I’m someone who has never really resonated with the mainstream media approach of confronting your issues in one big, dramatic moment, and then being able to move on. If I was able to do that, there would have been at least 6 different points where it would have happened for me by now. But this humanization of mental illness as something to work with and accommodate has helped me. And that’s why I think that Badeline, while a convenient way to refer to Part of Madeline, sort of goes against this. She’s not ‘bad Madeline’. She’s exactly what she says she is; a part of Madeline, a part that she can’t just let go of. A part that’s not inherently bad. A part that needs to be taken care of, and seen, and helped, instead of repressed.
When I first played Celeste, it gave me a lot to think about, in regards to how I view my own mental struggles. I’ve always beaten myself up for my inability to do certain things. Whenever I was unable to leave my room for days, or unable to get high grades or make friends, I mentally berated myself for not being able to do better. I used to be so angry that I just couldn’t accomplish what other people could.
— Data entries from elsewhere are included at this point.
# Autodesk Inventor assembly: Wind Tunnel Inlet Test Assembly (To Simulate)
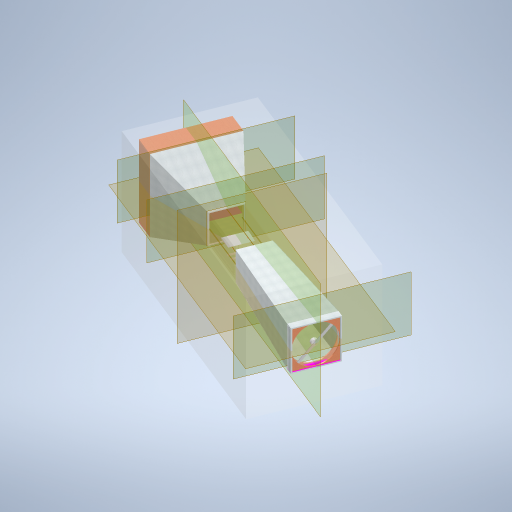
[picture p0: Inventor's stored thumbnail of the model, 512x512]
Saved by Autodesk Inventor 2023 (Build 270158000, 158)
## iProperties
Created: 2022-01-10
Part Number: Wind Tunnel Inlet Test Assembly (To Simulate)
Document SubType Name: Assembly
Designer: kamer
Author: kamer
## iProperties of the stored document MemberDocs/xAaaaqwbaAaaaaaaaAaaaavk0Cc
Created: 2022-01-10
Part Number: Wind Tunnel Inlet Test Assembly (To Simulate)
Document SubType Name: Assembly
Designer: kamer
Author: kamer
## Documents named in this file (21)
- X:\Storage\Documents\ME 306 Heat Transfer Project Files\CAD\Main With Subparts.iam
- X:\Storage\Documents\ME 306 Heat Transfer Project Files\CAD\Wind Tunnel Inlet Body Single Panel.ipt
- X:\Storage\Documents\ME 306 Heat Transfer Project Files\CAD\Wind Tunnel Output Body Single Panel.ipt
- X:\Storage\Documents\ME 306 Heat Transfer Project Files\CAD\Test Section Assembly.iam
- X:\Storage\Documents\ME 306 Heat Transfer Project Files\CAD\Fluid Simulation Boundary.ipt
- X:\Storage\Documents\ME 306 Heat Transfer Project Files\CAD\Wind Tunnel Settling Chamber.iam
- X:\Storage\Documents\ME 306 Heat Transfer Project Files\CAD\Wind Tunnel Exhaust Frame.iam
- X:\Storage\Documents\ME 306 Heat Transfer Project Files\CAD\Motor Mockup.ipt
- X:\Storage\Documents\ME 306 Heat Transfer Project Files\CAD\Wind Tunnel Fan Shroud Corner.ipt
- X:\Storage\Documents\ME 306 Heat Transfer Project Files\CAD\Motor Strap.ipt
- X:\Storage\Documents\ME 306 Heat Transfer Project Files\CAD\Wind Tunnel Exhaust Frame As-built.iam
- X:\Storage\Documents\ME 306 Heat Transfer Project Files\CAD\Wind Tunnel Inlet Body Single Panel Graphic Only.ipt
- X:\Storage\Documents\ME 306 Heat Transfer Project Files\CAD\Wind Tunnel Output Body Single Panel Graphic Only.ipt
- X:\Storage\Documents\ME 306 Heat Transfer Project Files\CAD\Wind Tunnel Settling Chamber As-Built.iam
- X:\Storage\Documents\ME 306 Heat Transfer Project Files\CAD\Inlet Support Leg Proto 1.ipt
- X:\Storage\Documents\ME 306 Heat Transfer Project Files\CAD\Outlet Support Leg Proto 1.ipt
- X:\Storage\Documents\ME 306 Heat Transfer Project Files\CAD\Computer Box Assembly Rev2.iam
- X:\Storage\Documents\ME 306 Heat Transfer Project Files\CAD\PowerBoardAssembly.iam
- X:\Storage\Documents\ME 306 Heat Transfer Project Files\CAD\Antitorque Outlet Support.ipt
- X:\Storage\Documents\ME 306 Heat Transfer Project Files\CAD\Antitorque span.ipt
- X:\Storage\Documents\ME 306 Heat Transfer Project Files\CAD\Antitorque leg-leg span.ipt
## Components (22 placed, 9 different names)
1. Wind Tunnel Inlet Body Single Panel:1 — Mate:1, Mate:3, Angle:1, Mate:24
2. Wind Tunnel Inlet Body Single Panel:2 — Mate:1, Mate:2, Angle:1, Mate:22, Mate:30, Mate:33
3. Wind Tunnel Inlet Body Single Panel:3 — Mate:2, Mate:4, Mate:14, Mate:23, Mate:32
4. Wind Tunnel Inlet Body Single Panel:4 — Mate:3, Mate:4, Mate:13, Mate:15, Mate:27
5. Wind Tunnel Output Body Single Panel:1 — Mate:16, Mate:17, Mate:22, Mate:35
6. Wind Tunnel Output Body Single Panel:2 — Mate:18, Mate:19, Mate:24, Mate:34
7. Wind Tunnel Output Body Single Panel:3 — Mate:25, Mate:26, Mate:27
8. Wind Tunnel Output Body Single Panel:4 — Mate:20, Mate:21, Mate:23
9. Test Section Assembly:1 [sub-assembly] — Mate:13, Mate:14, Mate:15, Mate:16, Mate:17, Mate:18, Mate:19, Mate:20, Mate:21, Mate:25, Mate:26, Mate:28, Mate:29, Angle:2
10. Fluid Simulation Boundary:1 — Mate:28, Mate:29
11. Wind Tunnel Settling Chamber:1 [sub-assembly] — Mate:31, Mate:32, Mate:33
12. Wind Tunnel Exhaust Frame:1 [sub-assembly] — Flush:3, Mate:34, Mate:35, Mate:36, Mate:37, Flush:4, Mate:38, Mate:39, Mate:40, Mate:41, Mate:42, Mate:43, Mate:47, Mate:48, Mate:50, Mate:51, Mate:52, Mate:53, Mate:56, Mate:57, Mate:58, Mate:59
13. Motor Mockup:1 — Mate:44, Mate:45, Mate:49
14. Wind Tunnel Fan Shroud Corner:1 — Mate:36, Mate:37, Flush:4, Flush:5, Mate:45
15. Wind Tunnel Fan Shroud Corner:2 — Mate:42, Mate:43, Flush:7, Mate:44
16. Wind Tunnel Fan Shroud Corner:3 — Mate:40, Mate:41, Flush:6, Flush:7
17. Wind Tunnel Fan Shroud Corner:4 — Mate:38, Mate:39, Flush:5, Flush:6
18. Motor Strap:1 — Mate:47, Mate:48, Mate:49, Mate:54, Mate:55
19. Wind Tunnel Fan Shroud Corner:5 — Mate:50, Mate:51, Mate:54, Flush:8
20. Wind Tunnel Fan Shroud Corner:6 — Mate:52, Mate:53, Mate:55, Flush:9
21. Wind Tunnel Fan Shroud Corner:7 — Mate:56, Mate:57, Flush:8
22. Wind Tunnel Fan Shroud Corner:8 — Mate:58, Mate:59, Flush:9
## Relationships (61: Mate 50, Flush 9, Angle 2)
- Mate:1: Wind Tunnel Inlet Body Single Panel:1 ↔ Wind Tunnel Inlet Body Single Panel:2
- Mate:2: Wind Tunnel Inlet Body Single Panel:2 ↔ Wind Tunnel Inlet Body Single Panel:3
- Mate:3: Wind Tunnel Inlet Body Single Panel:1 ↔ Wind Tunnel Inlet Body Single Panel:4
- Mate:4: Wind Tunnel Inlet Body Single Panel:3 ↔ Wind Tunnel Inlet Body Single Panel:4
- Angle:1 (90 deg): Wind Tunnel Inlet Body Single Panel:1 ↔ Wind Tunnel Inlet Body Single Panel:2
- Mate:13: Wind Tunnel Inlet Body Single Panel:4 ↔ Test Section Assembly:1
- Mate:14: Wind Tunnel Inlet Body Single Panel:3 ↔ Test Section Assembly:1
- Mate:15: Wind Tunnel Inlet Body Single Panel:4 ↔ Test Section Assembly:1
- Mate:16: Wind Tunnel Output Body Single Panel:1 ↔ Test Section Assembly:1
- Mate:17: Wind Tunnel Output Body Single Panel:1 ↔ Test Section Assembly:1
- Mate:18: Wind Tunnel Output Body Single Panel:2 ↔ Test Section Assembly:1
- Mate:19: Wind Tunnel Output Body Single Panel:2 ↔ Test Section Assembly:1
- Mate:20: Wind Tunnel Output Body Single Panel:4 ↔ Test Section Assembly:1
- Mate:21: Wind Tunnel Output Body Single Panel:4 ↔ Test Section Assembly:1
- Mate:22: Wind Tunnel Inlet Body Single Panel:2 ↔ Wind Tunnel Output Body Single Panel:1
- Mate:23: Wind Tunnel Inlet Body Single Panel:3 ↔ Wind Tunnel Output Body Single Panel:4
- Mate:24: Wind Tunnel Inlet Body Single Panel:1 ↔ Wind Tunnel Output Body Single Panel:2
- Mate:25: Wind Tunnel Output Body Single Panel:3 ↔ Test Section Assembly:1
- Mate:26: Wind Tunnel Output Body Single Panel:3 ↔ Test Section Assembly:1
- Mate:27: Wind Tunnel Inlet Body Single Panel:4 ↔ Wind Tunnel Output Body Single Panel:3
- Mate:28: Test Section Assembly:1 ↔ Fluid Simulation Boundary:1
- Mate:29: Test Section Assembly:1 ↔ Fluid Simulation Boundary:1
- Mate:30: Wind Tunnel Inlet Body Single Panel:2
- Angle:2 (90 deg): Test Section Assembly:1
- Flush:1 (617.22 mm)
- Mate:31: Wind Tunnel Settling Chamber:1
- Mate:32: Wind Tunnel Inlet Body Single Panel:3 ↔ Wind Tunnel Settling Chamber:1
- Mate:33: Wind Tunnel Inlet Body Single Panel:2 ↔ Wind Tunnel Settling Chamber:1
- Flush:2 (-1801.0886 mm)
- Flush:3: Wind Tunnel Exhaust Frame:1
- Mate:34: Wind Tunnel Output Body Single Panel:2 ↔ Wind Tunnel Exhaust Frame:1
- Mate:35: Wind Tunnel Output Body Single Panel:1 ↔ Wind Tunnel Exhaust Frame:1
- Mate:36: Wind Tunnel Exhaust Frame:1 ↔ Wind Tunnel Fan Shroud Corner:1
- Mate:37: Wind Tunnel Exhaust Frame:1 ↔ Wind Tunnel Fan Shroud Corner:1
- Flush:4 (63.5 mm): Wind Tunnel Exhaust Frame:1 ↔ Wind Tunnel Fan Shroud Corner:1
- Mate:38: Wind Tunnel Exhaust Frame:1 ↔ Wind Tunnel Fan Shroud Corner:4
- Mate:39: Wind Tunnel Exhaust Frame:1 ↔ Wind Tunnel Fan Shroud Corner:4
- Flush:5: Wind Tunnel Fan Shroud Corner:1 ↔ Wind Tunnel Fan Shroud Corner:4
- Mate:40: Wind Tunnel Exhaust Frame:1 ↔ Wind Tunnel Fan Shroud Corner:3
- Mate:41: Wind Tunnel Exhaust Frame:1 ↔ Wind Tunnel Fan Shroud Corner:3
- Flush:6: Wind Tunnel Fan Shroud Corner:3 ↔ Wind Tunnel Fan Shroud Corner:4
- Mate:42: Wind Tunnel Exhaust Frame:1 ↔ Wind Tunnel Fan Shroud Corner:2
- Mate:43: Wind Tunnel Exhaust Frame:1 ↔ Wind Tunnel Fan Shroud Corner:2
- Flush:7: Wind Tunnel Fan Shroud Corner:2 ↔ Wind Tunnel Fan Shroud Corner:3
- Mate:44: Motor Mockup:1 ↔ Wind Tunnel Fan Shroud Corner:2
- Mate:45: Motor Mockup:1 ↔ Wind Tunnel Fan Shroud Corner:1
- Mate:47: Wind Tunnel Exhaust Frame:1 ↔ Motor Strap:1
- Mate:48: Wind Tunnel Exhaust Frame:1 ↔ Motor Strap:1
- Mate:49: Motor Mockup:1 ↔ Motor Strap:1
- Mate:50: Wind Tunnel Exhaust Frame:1 ↔ Wind Tunnel Fan Shroud Corner:5
- Mate:51: Wind Tunnel Exhaust Frame:1 ↔ Wind Tunnel Fan Shroud Corner:5
- Mate:52: Wind Tunnel Exhaust Frame:1 ↔ Wind Tunnel Fan Shroud Corner:6
- Mate:53: Wind Tunnel Exhaust Frame:1 ↔ Wind Tunnel Fan Shroud Corner:6
- Mate:54: Motor Strap:1 ↔ Wind Tunnel Fan Shroud Corner:5
- Mate:55: Motor Strap:1 ↔ Wind Tunnel Fan Shroud Corner:6
- Mate:56: Wind Tunnel Exhaust Frame:1 ↔ Wind Tunnel Fan Shroud Corner:7
- Mate:57: Wind Tunnel Exhaust Frame:1 ↔ Wind Tunnel Fan Shroud Corner:7
- Flush:8: Wind Tunnel Fan Shroud Corner:5 ↔ Wind Tunnel Fan Shroud Corner:7
- Mate:58: Wind Tunnel Exhaust Frame:1 ↔ Wind Tunnel Fan Shroud Corner:8
- Mate:59: Wind Tunnel Exhaust Frame:1 ↔ Wind Tunnel Fan Shroud Corner:8
- Flush:9: Wind Tunnel Fan Shroud Corner:6 ↔ Wind Tunnel Fan Shroud Corner:8

But, after finishing Celeste, it lingered in the back of my mind for a long while. A few times, just for fun, I visualized Badeline affecting me in all of the ways that my mental illnesses affected me. And, somehow, I couldn’t stay angry at myself when imagining it like that.
I found myself working with my own Part of Me. When I had issues getting myself to brush my teeth, instead of berating myself for being so gross, I would compromise with myself, and instead brush my teeth for a minute instead of two. When I found myself getting angry at myself for not being able to do better in school, I instead began to refer to that Part of Me as another person. A scared person, who needed understanding. He did the best that he could. She was overwhelmed by school, and she put herself through as much mental strain as she could handle.
After applying Celeste's message to my everyday life, I have found myself conquering more and more things that I never thought I could, just through the power of being simply kind to myself. And I have Celeste to thank for that. Celeste taught me that fighting your mental illness every step of the way only makes things worse for yourself, and hinders your progress. And that, just like all other parts of yourself, your mental issues deserve compassion and understanding. If you can work with and accommodate yourself, rather than villainizing yourself, you can accomplish so much more than you ever thought you could.
And you can double-jump. And that’s pretty rad, too.